Wednesday, October 19, 2005

507pm101905 ~comment

(In "not dead yet")

Some time ago I went through a bout of severe depression . Actually I was seriously considering suicide . I figured though that I owe it to my kid ( who was much younger at that time , he's 17 now ) to seek help, hence I started my pilgrimage through the psychiatrists /psychologists offices .In general I have a very hard time accepting mood and mind altering medication so I was started with the left foot in that direction , but to my surprise , the only shrink that did not pull his prescription pad immediately and more importantly did not label me pathologically mentally ill asked me one question : what book is on your night stand now ?? I said I am reading Faulkner , As I lay dying . He shouted out loud , There's your problem.
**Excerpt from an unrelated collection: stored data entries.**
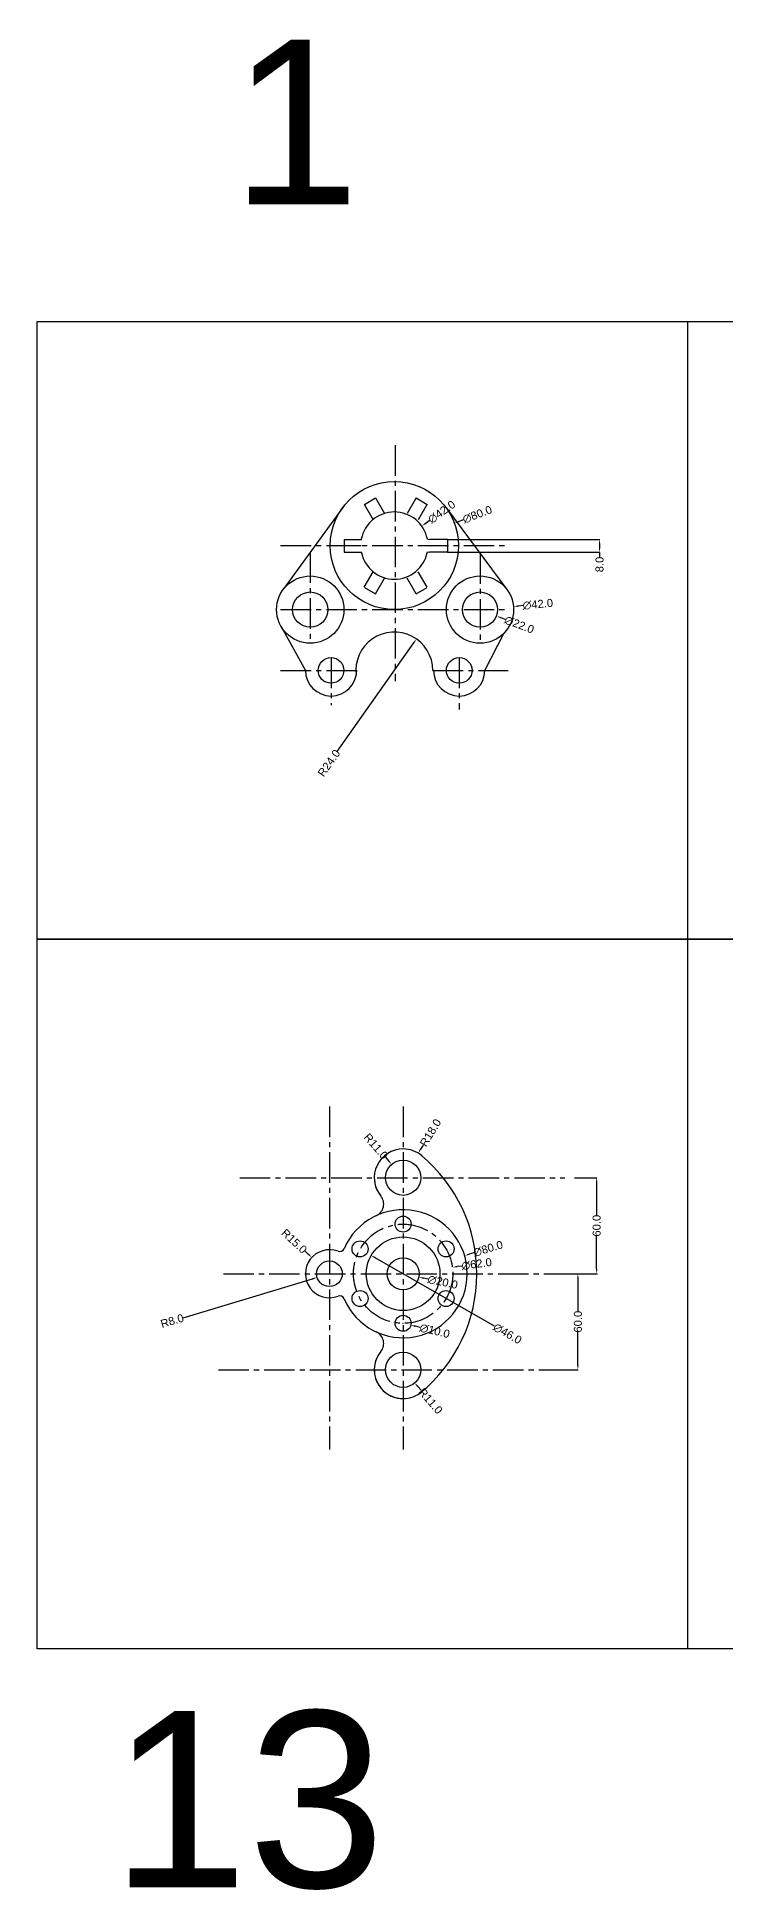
# Model space of a CAD drawing. Header units: millimetres. Extents: x 27 to 4233, y 1813 to 2971.
# Drawn here: x 27 to 457, y 1813 to 2971 of the extents above; entities that cross this region are included whole.
import ezdxf

# ---------------------------------------------------------------- set-up
doc = ezdxf.new("R2010")
doc.units = ezdxf.units.MM
doc.linetypes.add('CENTER2', pattern=[28.575, 19.05, -3.175, 3.175, -3.175])
doc.styles.get("Standard").update_dxf_attribs({"font": 'arial.ttf'})
doc.dimstyles.get("Standard").update_dxf_attribs({"dimtxt": 5, "dimasz": 3, "dimexe": 0.18, "dimexo": 0.0625, "dimgap": 0.09, "dimtad": 0, "dimdec": 1, "dimzin": 0, "dimdsep": 46, "dimtxsty": 'Standard', "dimcen": 0.09, "dimadec": 0, "dimazin": 0, "dimtfac": 1, "dimtdec": 1, "dimtofl": 0, "dimtmove": 0, "dimatfit": 3, "dimfxl": 1, "dimtolj": 1, "dimtzin": 0, "dimarcsym": 0})

# ---------------------------------------------------------------- blocks, each defined once
blk = doc.blocks.new('*U13')
for p, q in [((-5.6, 4), (5.6, 4)), ((-5.6, -4), (5.6, -4))]:
    blk.add_line(p, q)
blk = doc.blocks.new('*U14')
at = {"color": 0, "linetype": 'ByBlock', "lineweight": -2, "transparency": 16777216}
for p, rotation in [((617.9, 361.7), 299.9999999999999), ((644.6, 361.7), 239.9999999999999), ((657.9, 338.6), 180), ((617.9, 315.5), 59.99999999999999), ((644.6, 315.5), 120)]:
    blk.add_blockref('*U13', p, dxfattribs=dict(at, rotation=rotation))
blk.add_blockref('*U13', (604.6, 338.6), dxfattribs=at)
blk = doc.blocks.new('*D15')
at = {"color": 0, "lineweight": -2, "transparency": 16777216}
for p, q in [((292.9, 2669.2), (290.1, 2668.2)), ((249.7, 2653.1), (249.9, 2653.1)), ((249.8, 2653), (249.8, 2653.2))]:
    blk.add_line(p, q, dxfattribs=at)
at = {"color": 0, "transparency": 16777216}
blk.add_solid([(289.9, 2668.6), (290.3, 2667.7), (287.3, 2667.1)], dxfattribs=at)
at = {"layer": 'Defpoints', "color": 0, "transparency": 16777216}
for p in [(287.3, 2667.1), (212.3, 2639.1)]:
    blk.add_point(p, dxfattribs=at)
at = {"color": 0, "transparency": 16777216, "insert": (301.6, 2672.5), "char_height": 5, "attachment_point": 5, "rotation": 20.4985}
blk.add_mtext('\\A1;∅80.0', dxfattribs=at)
blk = doc.blocks.new('*D16')
at = {"color": 0, "lineweight": -2, "transparency": 16777216}
for p, q in [((271.8, 2668.7), (269.4, 2667)), ((249.7, 2653.1), (249.9, 2653.1)), ((249.8, 2653), (249.8, 2653.2))]:
    blk.add_line(p, q, dxfattribs=at)
at = {"color": 0, "transparency": 16777216}
blk.add_solid([(269.1, 2667.4), (269.7, 2666.6), (266.9, 2665.3)], dxfattribs=at)
at = {"layer": 'Defpoints', "color": 0, "transparency": 16777216}
for p in [(266.9, 2665.3), (232.7, 2641)]:
    blk.add_point(p, dxfattribs=at)
at = {"color": 0, "transparency": 16777216, "insert": (279.4, 2674.1), "char_height": 5, "attachment_point": 5, "rotation": 35.3707}
blk.add_mtext('\\A1;∅42.0', dxfattribs=at)
blk = doc.blocks.new('*D17')
at = {"color": 0, "lineweight": -2, "transparency": 16777216}
for p, q in [((283, 2656.9), (378, 2656.9)), ((377.9, 2653.9), (377.9, 2651.9)), ((283, 2648.9), (378, 2648.9)), ((377.9, 2648.9), (377.9, 2645.9))]:
    blk.add_line(p, q, dxfattribs=at)
at = {"color": 0, "transparency": 16777216}
for points in [[(377.4, 2653.9), (378.4, 2653.9), (377.9, 2656.9)], [(377.4, 2651.9), (378.4, 2651.9), (377.9, 2648.9)]]:
    blk.add_solid(points, dxfattribs=at)
at = {"layer": 'Defpoints', "color": 0, "transparency": 16777216}
for p in [(282.9, 2656.9), (282.9, 2648.9), (377.9, 2648.9)]:
    blk.add_point(p, dxfattribs=at)
at = {"color": 0, "transparency": 16777216, "insert": (377.9, 2641.3), "char_height": 5, "attachment_point": 5, "rotation": 90}
blk.add_mtext('\\A1;8.0', dxfattribs=at)
blk = doc.blocks.new('*D18')
at = {"color": 0, "lineweight": -2, "transparency": 16777216}
blk.add_line((214.2, 2524.5), (261.9, 2592.3), dxfattribs=at)
at = {"color": 0, "transparency": 16777216}
blk.add_solid([(261.5, 2592.6), (262.3, 2592), (263.6, 2594.7)], dxfattribs=at)
at = {"layer": 'Defpoints', "color": 0, "transparency": 16777216}
for p in [(263.6, 2594.7), (249.8, 2575.1)]:
    blk.add_point(p, dxfattribs=at)
at = {"color": 0, "transparency": 16777216, "insert": (209, 2517.2), "char_height": 5, "attachment_point": 5, "rotation": 54.8542}
blk.add_mtext('\\A1;R24.0', dxfattribs=at)
blk = doc.blocks.new('*D19')
at = {"color": 0, "lineweight": -2, "transparency": 16777216}
for p, q in [((303.2, 2613.1), (303.4, 2613.1)), ((303.3, 2613), (303.3, 2613.2)), ((330.2, 2615.6), (327.2, 2615.3))]:
    blk.add_line(p, q, dxfattribs=at)
at = {"color": 0, "transparency": 16777216}
blk.add_solid([(327.1, 2615.8), (327.2, 2614.8), (324.2, 2615)], dxfattribs=at)
at = {"layer": 'Defpoints', "color": 0, "transparency": 16777216}
for p in [(282.4, 2611.2), (324.2, 2615)]:
    blk.add_point(p, dxfattribs=at)
at = {"color": 0, "transparency": 16777216, "insert": (339.4, 2616.4), "char_height": 5, "attachment_point": 5, "rotation": 5.2262}
blk.add_mtext('\\A1;∅42.0', dxfattribs=at)
blk = doc.blocks.new('*D20')
at = {"color": 0, "lineweight": -2, "transparency": 16777216}
for p, q in [((303.2, 2613.1), (303.4, 2613.1)), ((303.3, 2613), (303.3, 2613.2)), ((319.1, 2607), (316.3, 2608))]:
    blk.add_line(p, q, dxfattribs=at)
at = {"color": 0, "transparency": 16777216}
blk.add_solid([(316.5, 2608.5), (316.2, 2607.6), (313.5, 2609.1)], dxfattribs=at)
at = {"layer": 'Defpoints', "color": 0, "transparency": 16777216}
for p in [(293, 2617.1), (313.5, 2609.1)]:
    blk.add_point(p, dxfattribs=at)
at = {"color": 0, "transparency": 16777216, "insert": (327.8, 2603.6), "char_height": 5, "attachment_point": 5, "rotation": 338.7782}
blk.add_mtext('\\A1;∅22.0', dxfattribs=at)
blk = doc.blocks.new('*U56')
blk.add_circle((0, 0), 5)
blk = doc.blocks.new('*U57')
at = {"color": 0, "linetype": 'ByBlock', "lineweight": -2, "transparency": 16777216}
blk.add_blockref('*U56', (3095.3, 314.6), dxfattribs=at)
for p, rotation in [((3068.4, 299.1), 59.99999999999997), ((3122.1, 299.1), 299.9999999999998), ((3068.4, 268.1), 119.9999999999999), ((3122.1, 268.1), 239.9999999999999), ((3095.3, 252.6), 180)]:
    blk.add_blockref('*U56', p, dxfattribs=dict(at, rotation=rotation))
blk = doc.blocks.new('*D58')
at = {"color": 0, "lineweight": -2, "transparency": 16777216}
blk.add_line((312.4, 2165.2), (237.9, 2208), dxfattribs=at)
at = {"color": 0, "transparency": 16777216}
blk.add_solid([(238.2, 2208.5), (237.7, 2207.6), (235.3, 2209.5)], dxfattribs=at)
at = {"layer": 'Defpoints', "color": 0, "transparency": 16777216}
for p in [(235.3, 2209.5), (275.2, 2186.6)]:
    blk.add_point(p, dxfattribs=at)
at = {"color": 0, "transparency": 16777216, "insert": (320.4, 2160.6), "char_height": 5, "attachment_point": 5, "rotation": 330.0862}
blk.add_mtext('\\A1;∅46.0', dxfattribs=at)
blk = doc.blocks.new('*D59')
at = {"color": 0, "lineweight": -2, "transparency": 16777216}
for p, q in [((255.2, 2198.1), (255.4, 2198.1)), ((255.3, 2198), (255.3, 2198.1)), ((270.9, 2194.7), (268, 2195.3))]:
    blk.add_line(p, q, dxfattribs=at)
at = {"color": 0, "transparency": 16777216}
blk.add_solid([(268.1, 2195.8), (267.9, 2194.8), (265.1, 2196)], dxfattribs=at)
at = {"layer": 'Defpoints', "color": 0, "transparency": 16777216}
for p in [(245.5, 2200.1), (265.1, 2196)]:
    blk.add_point(p, dxfattribs=at)
at = {"color": 0, "transparency": 16777216, "insert": (280, 2192.8), "char_height": 5, "attachment_point": 5, "rotation": 347.9262}
blk.add_mtext('\\A1;∅20.0', dxfattribs=at)
blk = doc.blocks.new('*D60')
at = {"color": 0, "lineweight": -2, "transparency": 16777216}
for p, q in [((292, 2202.9), (289, 2202.5)), ((255.2, 2198.1), (255.4, 2198.1)), ((255.3, 2198), (255.3, 2198.1))]:
    blk.add_line(p, q, dxfattribs=at)
at = {"color": 0, "transparency": 16777216}
blk.add_solid([(288.9, 2203), (289.1, 2202), (286, 2202.1)], dxfattribs=at)
at = {"layer": 'Defpoints', "color": 0, "transparency": 16777216}
for p in [(286, 2202.1), (224.6, 2194)]:
    blk.add_point(p, dxfattribs=at)
at = {"color": 0, "transparency": 16777216, "insert": (301.2, 2204.1), "char_height": 5, "attachment_point": 5, "rotation": 7.5239}
blk.add_mtext('\\A1;∅62.0', dxfattribs=at)
blk = doc.blocks.new('*D61')
at = {"color": 0, "lineweight": -2, "transparency": 16777216}
for p, q in [((299.4, 2211.1), (296.5, 2210.2)), ((255.2, 2198.1), (255.4, 2198.1)), ((255.3, 2198), (255.3, 2198.1))]:
    blk.add_line(p, q, dxfattribs=at)
at = {"color": 0, "transparency": 16777216}
blk.add_solid([(296.4, 2210.7), (296.7, 2209.8), (293.6, 2209.4)], dxfattribs=at)
at = {"layer": 'Defpoints', "color": 0, "transparency": 16777216}
for p in [(293.6, 2209.4), (216.9, 2186.7)]:
    blk.add_point(p, dxfattribs=at)
at = {"color": 0, "transparency": 16777216, "insert": (308.3, 2213.7), "char_height": 5, "attachment_point": 5, "rotation": 16.4617}
blk.add_mtext('\\A1;∅80.0', dxfattribs=at)
blk = doc.blocks.new('*D62')
at = {"color": 0, "lineweight": -2, "transparency": 16777216}
for p, q in [((362.2, 2258.1), (376.3, 2258.1)), ((376.1, 2255.1), (376.1, 2234.6)), ((376.1, 2201.1), (376.1, 2221.5)), ((362.2, 2198.1), (376.3, 2198.1))]:
    blk.add_line(p, q, dxfattribs=at)
at = {"color": 0, "transparency": 16777216}
for points in [[(375.6, 2255.1), (376.6, 2255.1), (376.1, 2258.1)], [(375.6, 2201.1), (376.6, 2201.1), (376.1, 2198.1)]]:
    blk.add_solid(points, dxfattribs=at)
at = {"layer": 'Defpoints', "color": 0, "transparency": 16777216}
for p in [(362.1, 2258.1), (376.1, 2258.1), (362.1, 2198.1)]:
    blk.add_point(p, dxfattribs=at)
at = {"color": 0, "transparency": 16777216, "insert": (376.1, 2228.1), "char_height": 5, "attachment_point": 5, "rotation": 90}
blk.add_mtext('\\A1;60.0', dxfattribs=at)
blk = doc.blocks.new('*D63')
at = {"color": 0, "lineweight": -2, "transparency": 16777216}
for p, q in [((347, 2198.1), (364.6, 2198.1)), ((364.4, 2195.1), (364.4, 2174.6)), ((364.4, 2141.1), (364.4, 2161.5)), ((347, 2138.1), (364.6, 2138.1))]:
    blk.add_line(p, q, dxfattribs=at)
at = {"color": 0, "transparency": 16777216}
for points in [[(363.9, 2195.1), (364.9, 2195.1), (364.4, 2198.1)], [(363.9, 2141.1), (364.9, 2141.1), (364.4, 2138.1)]]:
    blk.add_solid(points, dxfattribs=at)
at = {"layer": 'Defpoints', "color": 0, "transparency": 16777216}
for p in [(347, 2198.1), (347, 2138.1), (364.4, 2138.1)]:
    blk.add_point(p, dxfattribs=at)
at = {"color": 0, "transparency": 16777216, "insert": (364.4, 2168.1), "char_height": 5, "attachment_point": 5, "rotation": 90}
blk.add_mtext('\\A1;60.0', dxfattribs=at)
blk = doc.blocks.new('*D64')
at = {"color": 0, "lineweight": -2, "transparency": 16777216}
for p, q in [((267.8, 2278.5), (266.2, 2276)), ((255.2, 2258.1), (255.4, 2258.1)), ((255.3, 2258), (255.3, 2258.1))]:
    blk.add_line(p, q, dxfattribs=at)
at = {"color": 0, "transparency": 16777216}
blk.add_solid([(265.8, 2276.2), (266.6, 2275.7), (264.7, 2273.4)], dxfattribs=at)
at = {"layer": 'Defpoints', "color": 0, "transparency": 16777216}
for p in [(264.7, 2273.4), (255.3, 2258.1)]:
    blk.add_point(p, dxfattribs=at)
at = {"color": 0, "transparency": 16777216, "insert": (272.4, 2286.2), "char_height": 5, "attachment_point": 5, "rotation": 58.627}
blk.add_mtext('\\A1;R18.0', dxfattribs=at)
blk = doc.blocks.new('*D65')
at = {"color": 0, "lineweight": -2, "transparency": 16777216}
for p, q in [((244.2, 2270.9), (246.2, 2268.7)), ((255.2, 2258.1), (255.4, 2258.1)), ((255.3, 2258), (255.3, 2258.1))]:
    blk.add_line(p, q, dxfattribs=at)
at = {"color": 0, "transparency": 16777216}
blk.add_solid([(246.5, 2269), (245.8, 2268.3), (248.1, 2266.4)], dxfattribs=at)
at = {"layer": 'Defpoints', "color": 0, "transparency": 16777216}
for p in [(248.1, 2266.4), (255.3, 2258.1)]:
    blk.add_point(p, dxfattribs=at)
at = {"color": 0, "transparency": 16777216, "insert": (238.3, 2277.7), "char_height": 5, "attachment_point": 5, "rotation": 310.7105}
blk.add_mtext('\\A1;R11.0', dxfattribs=at)
blk = doc.blocks.new('*D66')
at = {"color": 0, "lineweight": -2, "transparency": 16777216}
for p, q in [((193.9, 2212.3), (196.1, 2210.3)), ((209.2, 2198.1), (209.4, 2198.1)), ((209.3, 2198), (209.3, 2198.1))]:
    blk.add_line(p, q, dxfattribs=at)
at = {"color": 0, "transparency": 16777216}
blk.add_solid([(196.4, 2210.7), (195.8, 2209.9), (198.3, 2208.3)], dxfattribs=at)
at = {"layer": 'Defpoints', "color": 0, "transparency": 16777216}
for p in [(198.3, 2208.3), (209.3, 2198.1)]:
    blk.add_point(p, dxfattribs=at)
at = {"color": 0, "transparency": 16777216, "insert": (187.3, 2218.4), "char_height": 5, "attachment_point": 5, "rotation": 317.1422}
blk.add_mtext('\\A1;R15.0', dxfattribs=at)
blk = doc.blocks.new('*D67')
at = {"color": 0, "lineweight": -2, "transparency": 16777216}
for p, q in [((117.9, 2170.6), (198.7, 2194.9)), ((209.2, 2198.1), (209.4, 2198.1)), ((209.3, 2198), (209.3, 2198.1))]:
    blk.add_line(p, q, dxfattribs=at)
at = {"color": 0, "transparency": 16777216}
blk.add_solid([(198.6, 2195.4), (198.9, 2194.4), (201.6, 2195.8)], dxfattribs=at)
at = {"layer": 'Defpoints', "color": 0, "transparency": 16777216}
for p in [(201.6, 2195.8), (209.3, 2198.1)]:
    blk.add_point(p, dxfattribs=at)
at = {"color": 0, "transparency": 16777216, "insert": (111.1, 2168.6), "char_height": 5, "attachment_point": 5, "rotation": 16.707}
blk.add_mtext('\\A1;R8.0', dxfattribs=at)
blk = doc.blocks.new('*D68')
at = {"color": 0, "lineweight": -2, "transparency": 16777216}
for p, q in [((255.2, 2138.1), (255.4, 2138.1)), ((255.3, 2138), (255.3, 2138.1)), ((266.5, 2125.3), (264.5, 2127.5))]:
    blk.add_line(p, q, dxfattribs=at)
at = {"color": 0, "transparency": 16777216}
blk.add_solid([(264.9, 2127.9), (264.1, 2127.2), (262.5, 2129.8)], dxfattribs=at)
at = {"layer": 'Defpoints', "color": 0, "transparency": 16777216}
for p in [(255.3, 2138.1), (262.5, 2129.8)]:
    blk.add_point(p, dxfattribs=at)
at = {"color": 0, "transparency": 16777216, "insert": (272.4, 2118.5), "char_height": 5, "attachment_point": 5, "rotation": 311.2015}
blk.add_mtext('\\A1;R11.0', dxfattribs=at)
blk = doc.blocks.new('*D69')
at = {"color": 0, "lineweight": -2, "transparency": 16777216}
for p, q in [((255.2, 2167.1), (255.4, 2167.1)), ((255.3, 2167), (255.3, 2167.1)), ((266, 2164.5), (263.1, 2165.2))]:
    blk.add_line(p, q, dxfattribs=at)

Stop reading morose material from clinically depressed little fellows and you won't feel that dismal yourself. Needless to say that years after that I am still seeing him and our conversations are a joy !! I guess the moral of my story is that the effect our cognitive stimuli has on our psych is underestimated sometimes

A____



I've done my rounds of fighting with depression, that's for damn sure, to say nothing of the therapy. I'm using that, as much as I can. "Think positive" "Don't get into that downward depression spiral" "You never know"...

...and then, I get dizzy, and can't see the screen of my laptop for more than 5 minutes at a time, and I say "Fuck it.", and I go back to laying in bed, wondering what will happen after I die.